LONDON – In a nation more associated with calamity than consensus, the initial results of Saturday’s Afghan presidential election are startling.
Despite Taliban threats to attack polling stations nationwide, the same percentage of Afghans turned out to vote — roughly 58 percent — as did Americans in the 2012 U.S. presidential race. Instead of collapsing, Afghan security forces effectively secured the vote.
And a leading candidate to replace Hamid Karzai is Ashraf Ghani, a former World Bank technocrat who has a Ph.D. in cultural anthropology from Columbia University, a Lebanese Christian wife, and an acclaimed book and TED talk entitled “Fixing Failed States.”
“Relative to what we were expecting, it’s very hard to not conclude that this was a real defeat for the Taliban,” Andrew Wilder, an American expert on Afghanistan, said in a telephone interview from Kabul on Monday “And a very good day for the Afghan people.”
Two forces that have long destabilized the country — its political elite and its neighbors — could easily squander the initial success. Evidence of large-scale fraud could undermine the legitimacy of the election and exacerbate long-running ethnic divides. And outside powers could continue to fund and arm the Taliban and disgruntled Afghan warlords, as they have for decades.
“None of it means it’s over, Afghanistan is a democracy and we’ve won,” said Ronald Neumann, a former U.S. ambassador to Afghanistan. “But I don’t think you can look at this turnout — in the rain and against death threats — and say nothing much has been achieved, as critics like to say.”
One of the biggest beneficiaries was the Afghan security forces. To the surprise of both Afghan and foreign observers, the Taliban failed to carry out a single large-scale assault in a major city. The group claimed to have carried out 1,000 attacks nationwide but security officials said that was a gross exaggeration. Poll observers said the level of violence was unclear.
This year there were about 90,000 fewer U.S. and NATO troops in the country, and those that remained were confined to bases, serving as a reserve force. In their place were 350,000 Afghan police and soldiers, fanned out across the nation.
Wilder said the Afghan government security effort in Kabul, where he observed the vote, was the most sweeping he has seen in thirty years of intermittently working in the country. “It was a really phenomenal security operation,” he said. “I’ve never seen anything like it.”
After the vote, Afghan police were a “sensation” on social media, garnering wide praise, according to Wilder. Their popularity also extended to the street: one poll observer reported seeing a group of young Afghans buy scores of roses and distribute them to police officers the day after the vote.

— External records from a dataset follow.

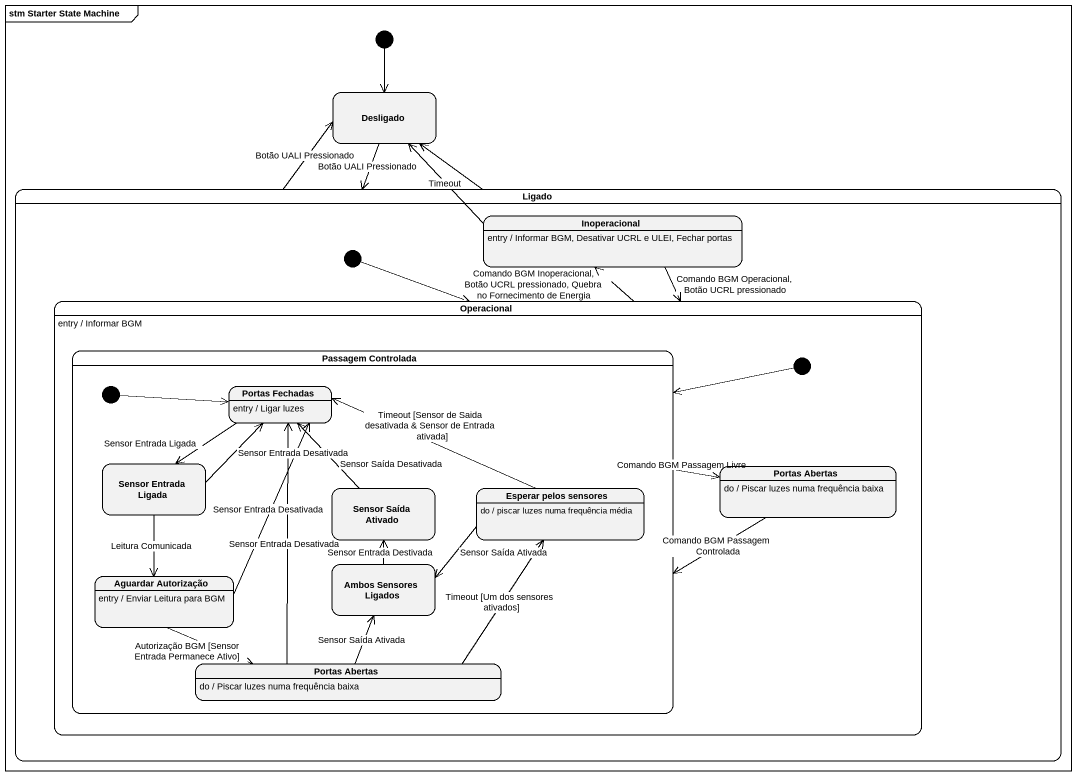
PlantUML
@startuml
mainframe stm Starter State Machine
hide empty description
state Desligado
state Ligado {
  state Inoperacional
  Inoperacional : entry / Informar BGM, Desativar UCRL e ULEI, Fechar portas
  state Operacional {
    state "Passagem Controlada" as Passagem_Controlada {
      state "Portas Fechadas" as Portas_Fechadas
      Portas_Fechadas : entry / Ligar luzes
      state "Sensor Entrada Ligada" as Sensor_Entrada_Ligada
      state "Sensor Saída Ativado" as Sensor_Saída_Ativado
      state "Esperar pelos sensores" as Esperar_pelos_sensores
      Esperar_pelos_sensores : do / piscar luzes numa frequência média
      state "Ambos Sensores Ligados" as Ambos_Sensores_Ligados
      state "Aguardar Autorização" as Aguardar_Autorização
      Aguardar_Autorização : entry / Enviar Leitura para BGM
      state "Portas Abertas" as Portas_Abertas_2
      Portas_Abertas_2 : do / Piscar luzes numa frequência baixa
      [*] -right-> Portas_Fechadas
    }
    state "Portas Abertas" as Portas_Abertas
    Portas_Abertas : do / Piscar luzes numa frequência baixa
    [*] -left-> Passagem_Controlada
  }
  Operacional : entry / Informar BGM
  [*] --> Operacional
}
[*] --> Desligado
Desligado --> Ligado : Botão UALI Pressionado
Ligado -up-> Desligado : Botão UALI Pressionado
Ligado -up-> Desligado
Inoperacional -left-> Desligado : Timeout
Inoperacional --> Operacional : Comando BGM Operacional, Botão UCRL pressionado
Operacional -up-> Inoperacional : Comando BGM Inoperacional, Botão UCRL pressionado, Quebra no Fornecimento de Energia
Passagem_Controlada -right-> Portas_Abertas : Comando BGM Passagem Livre
Portas_Fechadas --> Sensor_Entrada_Ligada : Sensor Entrada Ligada
Sensor_Entrada_Ligada -up-> Portas_Fechadas : Sensor Entrada Desativada
Sensor_Entrada_Ligada --> Aguardar_Autorização : Leitura Comunicada
Sensor_Saída_Ativado -up-> Portas_Fechadas : Sensor Saída Desativada
Esperar_pelos_sensores -left-> Portas_Fechadas : Timeout [Sensor de Saida desativada & Sensor de Entrada ativada]
Esperar_pelos_sensores -left-> Ambos_Sensores_Ligados : Sensor Saída Ativada
Portas_Abertas -left-> Passagem_Controlada : Comando BGM Passagem Controlada
Ambos_Sensores_Ligados -up-> Sensor_Saída_Ativado : Sensor Entrada Destivada
Aguardar_Autorização -up-> Portas_Fechadas : Sensor Entrada Desativada
Aguardar_Autorização -right-> Portas_Abertas_2 : Autorização BGM [Sensor Entrada Permanece Ativo]
Portas_Abertas_2 -up-> Portas_Fechadas : Sensor Entrada Desativada
Portas_Abertas_2 -up-> Esperar_pelos_sensores : Timeout [Um dos sensores ativados]
Portas_Abertas_2 -up-> Ambos_Sensores_Ligados : Sensor Saída Ativada
@enduml

Barnett Rubin, an expert on Afghanistan who served a senior adviser to the State Department from 2009 to 2013, warned of Taliban retaliation.
“There will be a test of strength this year and next year,” Rubin said, referring to Taliban attacks. But “an election that goes well can only strengthen the morale of the security forces and reduce the morale of the Taliban.”
In terms of candidates, it was Ghani, the technocrat turned effective campaigner, that most surprised observers.
Despite wide praise for Ghani’s 2002-2004 tenure as Afghanistan’s finance minister, he was seen as lacking political skills or a large electoral base. Afghans who remained in the country during the 1980s Soviet occupation and 1990s civil war seemed to resent Afghans who, like Ghani, had fled the country and flourished.
After his 2009 defeat, Ghani remained in Afghanistan, built a home and took a position overseeing the transition of security operations from foreign forces to Afghan units. Visiting every province in the nation, he developed a vast network of supporters. Criticized in the past for being too haughty, abrasive and Western, he donned local clothes and grew a short beard.
In a maneuver that surprised many, he forged an electoral alliance with Abdul Rashid Dostum, a former Uzbek warlord long accused of gross human rights violations. Having Dostum as an ally delivered a large block of votes to Ghani. In debates and on the campaign trail, Ghani vowed to end corruption and modernize Afghanistan.
“He has been exciting to young people,” said Neumann, the former ambassador. “He is really the change candidate.”